How to Implement Context-Sensitive Evaluation Approaches in Countries with still Emerging Evaluation Cultures


  • Susanne Buehrer Fraunhofer Institute for Systems and Innovation Research
  • Evanthia Kalpazidou Schmidt Associate Professor, Research Director, Aarhus University, Bartholins Allé 7, DK - 8000 Aarhus C
  • Dorottya Rigler Association of Hungarian Woman in Science, 1121 Budapest
  • Rachel Palmen IN3, Universitat Oberta de Catalunya, Av. Carl Friedrich Gauss 5, ES - 08860 Castellde-fels



Evaluation, Impact Assessment, Emerging Evaluation Cultures, Gender Equality, Private Sector


Evaluation cultures and evaluation capacity building vary greatly across the European Union. Western European countries, such as Austria, Germany, Denmark and Sweden, have been termed as leading countries in the evaluation as they have built up well-established evaluation cultures and carry out systematic evaluations of programmes and institutions. In contrast, in Central and Eastern European (CEE) countries, efforts continue to establish evaluation practices and further develop the current evaluation culture.
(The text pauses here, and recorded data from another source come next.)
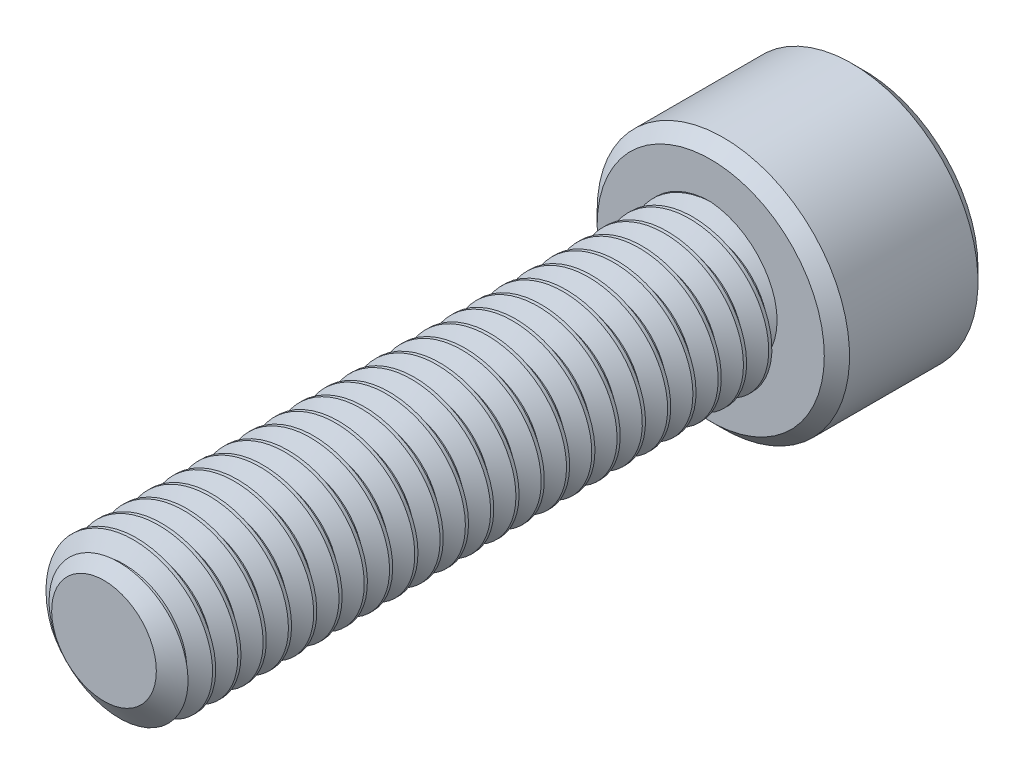
SolidWorks part; units mm, degrees
other "DetailItem1"
ref_plane "Front Plane" through (0, 0, 0) normal (0, 0, 1) x (1, 0, 0)
ref_plane "Top Plane" through (0, 0, 0) normal (0, 1, 0) x (1, 0, 0)
ref_plane "Right Plane" through (0, 0, 0) normal (1, 0, 0) x (0, 0, -1)
sketch "Sketch1" plane through (0, 0, 0) normal (0, 0, 1) x (1, 0, 0)
  circle A0 centre (0, 0) radius 2.413
  dimension "OD" = 4.826
extrude "Extrude1" add sketch "Sketch1" against normal blind 19.05
sketch "Sketch2" plane through (0, 0, 0) normal (0, 0, 1) x (1, 0, 0)
  circle A0 centre (0, 0) radius 2.413 construction
  circle A1 centre (0, 0) radius 2.413
curve "Helix/Spiral1" pitch 0.7937 height 19.8438 turns 25 parameters "pitch"=0.7937
sketch "Sketch3" plane through (0, 0, 0) normal (1, 0, 0) x (0, 0, -1)
  line L0 (-0.6945, 2.413) -> (-0.3969, 1.8974)
  line L1 (-0.3969, 1.8974) -> (-0.2977, 1.8974)
  line L2 (-0.2977, 1.8974) -> (0, 2.413)
  line L3 (-0.6945, 2.413) -> (0, 2.413)
  line L4 (-0.3473, 2.413) -> (-0.3473, 1.8974) construction
  line L5 (-0.5457, 2.1552) -> (-0.1488, 2.1552) construction
  line L6 (0, 2.413) -> (0, -2.413) construction
  dimension "D1" = 0.0992
  dimension "D2" = 0.3969
  dimension "D3" = 60
sweep "Cut-Sweep1" cut profiles "Sketch3" path "Helix/Spiral1"
sketch "Sketch4" plane through (0, 0, 0) normal (1, 0, 0) x (0, 0, -1)
  line L0 (0.5388, 2.413) -> (0, 1.6434)
  line L1 (0, 1.6434) -> (0, 2.413)
  line L2 (0.5388, 2.413) -> (0, 2.413)
  line L3 (-0.6945, 2.413) -> (0, 2.413) construction
  line L4 (0, 0) -> (7.0209, 0) construction
  dimension "D1" = 55
  dimension "D2" = 0.254
revolve "Cut-Revolve1" cut sketch "Sketch4" angle 360 about L4
sketch "Sketch6" plane through (0, 0, -19.05) normal (0, 0, -1) x (-1, 0, 0)
  circle A0 centre (0, 0) radius 3.9624
  dimension "head dia" = 7.9248
extrude "Extrude2" add sketch "Sketch6" along normal blind 4.826
sketch "Sketch7" plane through (0, 0, -23.876) normal (0, 0, -1) x (-1, 0, 0)
  line L1 (0, 2.2914) -> (-1.9844, 1.1457)
  line L2 (-1.9844, 1.1457) -> (-1.9844, -1.1457)
  line L3 (-1.9844, -1.1457) -> (0, -2.2914)
  line L4 (0, -2.2914) -> (1.9844, -1.1457)
  line L5 (1.9844, -1.1457) -> (1.9844, 1.1457)
  line L6 (1.9844, 1.1457) -> (0, 2.2914)
  circle A0 centre (0, 0) radius 1.9844 construction
  dimension "hex dia" = 3.9688
extrude "Cut-Extrude1" cut sketch "Sketch7" against normal blind 2.9766
sketch "Sketch8" plane through (0, 0, -23.876) normal (0, 0, -1) x (-1, 0, 0)
  circle A0 centre (0, 0) radius 2.2914
extrude "Cut-Extrude2" cut sketch "Sketch8" against normal through all draft 45
chamfer "Chamfer1" distance 0.3962 angle 45 2 edges at (-3.9624, 0, -23.876) (-3.9624, 0, -19.05)
sketch "Sketch10" plane through (0, 0, -19.05) normal (0, 0, 1) x (1, 0, 0)
  circle A1 centre (0, 0) radius 2.413
  circle A2 centre (0, 0) radius 2.413
  dimension "D1" = 0
ref_plane "Plane1" through (0, 0, -31.75) normal (0, 0, 1) x (1, 0, 0)
extrude "partial thread" [suppressed] add sketch "Sketch10" along normal up to surface (12.7 mm away) separate body
chamfer "Chamfer2" [suppressed] distance 0.0965 angle 45
combine bodies "Combine1" [suppressed] operation type add bodies to combine 107 108
sketch "Sketch9" plane through (0, 0, 0) normal (1, 0, 0) x (0, 0, -1)
  line L0 (0, 2.413) -> (0, -2.413) construction
  line L1 (1.9844, 2.413) -> (1.9844, -2.413) construction
  dimension "D1" = 1.9844
equation "\"D3@Helix/Spiral1\" = \"screw length@Extrude1\"+\"pitch@Helix/Spiral1\""
equation "\"D1@Sketch3\" = \"pitch@Helix/Spiral1\"*.125"
equation "\"D2@Sketch3\" = \"pitch@Helix/Spiral1\"*.5"
equation "\"D1@Cut-Extrude1\" = \"hex dia@Sketch7\"*.75"
equation "\"D1@Chamfer1\" = \"head dia@Sketch6\"*.05"
equation "\"D1@Sketch9\" = \"pitch@Helix/Spiral1\"*2.5"
equation "\"D1@Chamfer2\"=\"OD@Sketch1\"*.02"

In Hungary, for example, an established research and innovation evaluation practice does not exist, not one specifically considering gender equality in research and innovation evaluations with the exception of research and innovation programmes financed by the EU Structural Funds. Based on the results of a Horizon 2020 project, we apply a context-sensitive evaluation concept in Hungary that enables program owners and evaluators to develop a tailor-made design and impact model for their planned or ongoing gender equality interventions. The development of this evaluation was based on a thorough analysis of the literature and 19 case studies, building on documentary analysis and semi-structured interviews. The article shows that this evaluation approach is applicable also in countries with a certain catch-up demand of the existing overall evaluation culture. The special feature of the presented evaluation approach is, on the one hand, that the evaluation is context-sensitive. On the other hand, this approach makes it possible not only to depict effects on gender equality itself, but also to anticipate effects on research and innovation. Such effects can, for example, be a stronger orientation of research towards societal needs, which makes it particularly interesting for private companies.